How to complete this task: Find the line with "#7979 = ORIENTED_EDGE" in the entries below. Repeat it, every following line, and the line with "#13883 = LINE ( 'NONE', #16528, #3262 ) ;", exactly and with nothing added.
◆ ◆ ◆ ◆ ◆ ◆ ◆
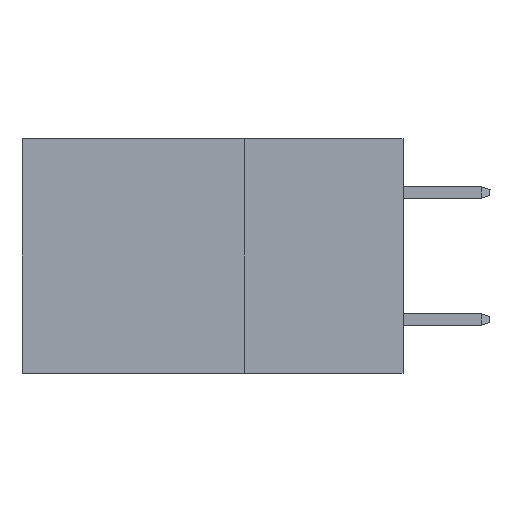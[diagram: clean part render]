
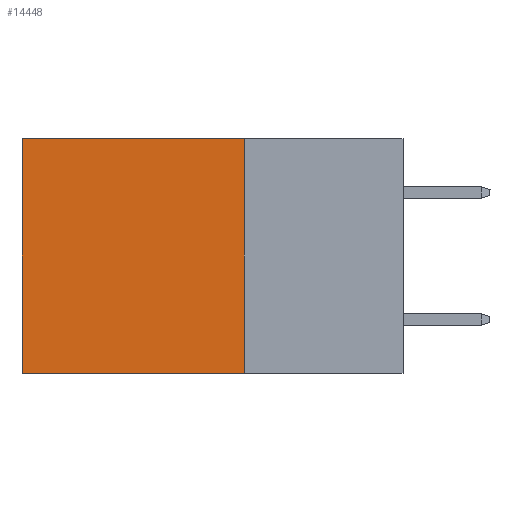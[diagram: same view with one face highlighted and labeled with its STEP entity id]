
A CAD part, left-side view. The second image highlights one B-rep face of the part: STEP entity #14448.
In plain terms, the highlighted planar face has unit normal (-1, 0, 0).
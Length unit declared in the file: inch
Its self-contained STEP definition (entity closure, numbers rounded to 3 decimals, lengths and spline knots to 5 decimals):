
#134 = DIRECTION ( 'NONE',  ( 0., 1., 0. ) ) ;
#319 = CARTESIAN_POINT ( 'NONE',  ( 0.2875, 0.6, 0. ) ) ;
#532 = PLANE ( 'NONE',  #3346 ) ;
#614 = FACE_OUTER_BOUND ( 'NONE', #8487, .T. ) ;
#944 = VERTEX_POINT ( 'NONE', #319 ) ;
#1567 = CARTESIAN_POINT ( 'NONE',  ( 0.2875, 0.25, 0. ) ) ;
#1646 = VERTEX_POINT ( 'NONE', #4934 ) ;
#2343 = EDGE_CURVE ( 'NONE', #9712, #6447, #3693, .T. ) ;
#2449 = ORIENTED_EDGE ( 'NONE', *, *, #6213, .T. ) ;
#2608 = CARTESIAN_POINT ( 'NONE',  ( 0.2875, 0.25, 0. ) ) ;
#3262 = VECTOR ( 'NONE', #4886, 39.37008 ) ;
#3346 = AXIS2_PLACEMENT_3D ( 'NONE', #14876, #4416, #5697 ) ;
#3693 = LINE ( 'NONE', #8888, #5870 ) ;
#4402 = EDGE_CURVE ( 'NONE', #944, #1646, #10922, .T. ) ;
#4416 = DIRECTION ( 'NONE',  ( 1., 0., 0. ) ) ;
#4886 = DIRECTION ( 'NONE',  ( 0., 1., 0. ) ) ;
#4934 = CARTESIAN_POINT ( 'NONE',  ( 0.2875, 0.6, -0.37 ) ) ;
#5075 = DIRECTION ( 'NONE',  ( 0., 0., -1. ) ) ;
#5697 = DIRECTION ( 'NONE',  ( 0., 0., -1. ) ) ;
#5870 = VECTOR ( 'NONE', #5075, 39.37008 ) ;
#5937 = VECTOR ( 'NONE', #134, 39.37008 ) ;
#6213 = EDGE_CURVE ( 'NONE', #9712, #944, #7868, .T. ) ;
#6447 = VERTEX_POINT ( 'NONE', #16330 ) ;
#7868 = LINE ( 'NONE', #1567, #5937 ) ;
#7979 = ORIENTED_EDGE ( 'NONE', *, *, #4402, .T. ) ;
#8185 = EDGE_CURVE ( 'NONE', #6447, #1646, #13883, .T. ) ;
#8441 = DIRECTION ( 'NONE',  ( 0., 0., -1. ) ) ;
#8487 = EDGE_LOOP ( 'NONE', ( #7979, #9019, #13822, #2449 ) ) ;
#8888 = CARTESIAN_POINT ( 'NONE',  ( 0.2875, 0.25, 0. ) ) ;
#9019 = ORIENTED_EDGE ( 'NONE', *, *, #8185, .F. ) ;
#9712 = VERTEX_POINT ( 'NONE', #2608 ) ;
#10922 = LINE ( 'NONE', #16016, #13524 ) ;
#13524 = VECTOR ( 'NONE', #8441, 39.37008 ) ;
#13822 = ORIENTED_EDGE ( 'NONE', *, *, #2343, .F. ) ;
#13883 = LINE ( 'NONE', #16528, #3262 ) ;
#14448 = ADVANCED_FACE ( 'NONE', ( #614 ), #532, .F. ) ;
#14876 = CARTESIAN_POINT ( 'NONE',  ( 0.2875, 0.25, 0. ) ) ;
#16016 = CARTESIAN_POINT ( 'NONE',  ( 0.2875, 0.6, 0. ) ) ;
#16330 = CARTESIAN_POINT ( 'NONE',  ( 0.2875, 0.25, -0.37 ) ) ;
#16528 = CARTESIAN_POINT ( 'NONE',  ( 0.2875, 0.25, -0.37 ) ) ;
◆ ◆ ◆ ◆ ◆ ◆ ◆
Written response:
#7979 = ORIENTED_EDGE ( 'NONE', *, *, #4402, .T. ) ;
#8185 = EDGE_CURVE ( 'NONE', #6447, #1646, #13883, .T. ) ;
#8441 = DIRECTION ( 'NONE',  ( 0., 0., -1. ) ) ;
#8487 = EDGE_LOOP ( 'NONE', ( #7979, #9019, #13822, #2449 ) ) ;
#8888 = CARTESIAN_POINT ( 'NONE',  ( 0.2875, 0.25, 0. ) ) ;
#9019 = ORIENTED_EDGE ( 'NONE', *, *, #8185, .F. ) ;
#9712 = VERTEX_POINT ( 'NONE', #2608 ) ;
#10922 = LINE ( 'NONE', #16016, #13524 ) ;
#13524 = VECTOR ( 'NONE', #8441, 39.37008 ) ;
#13822 = ORIENTED_EDGE ( 'NONE', *, *, #2343, .F. ) ;
#13883 = LINE ( 'NONE', #16528, #3262 ) ;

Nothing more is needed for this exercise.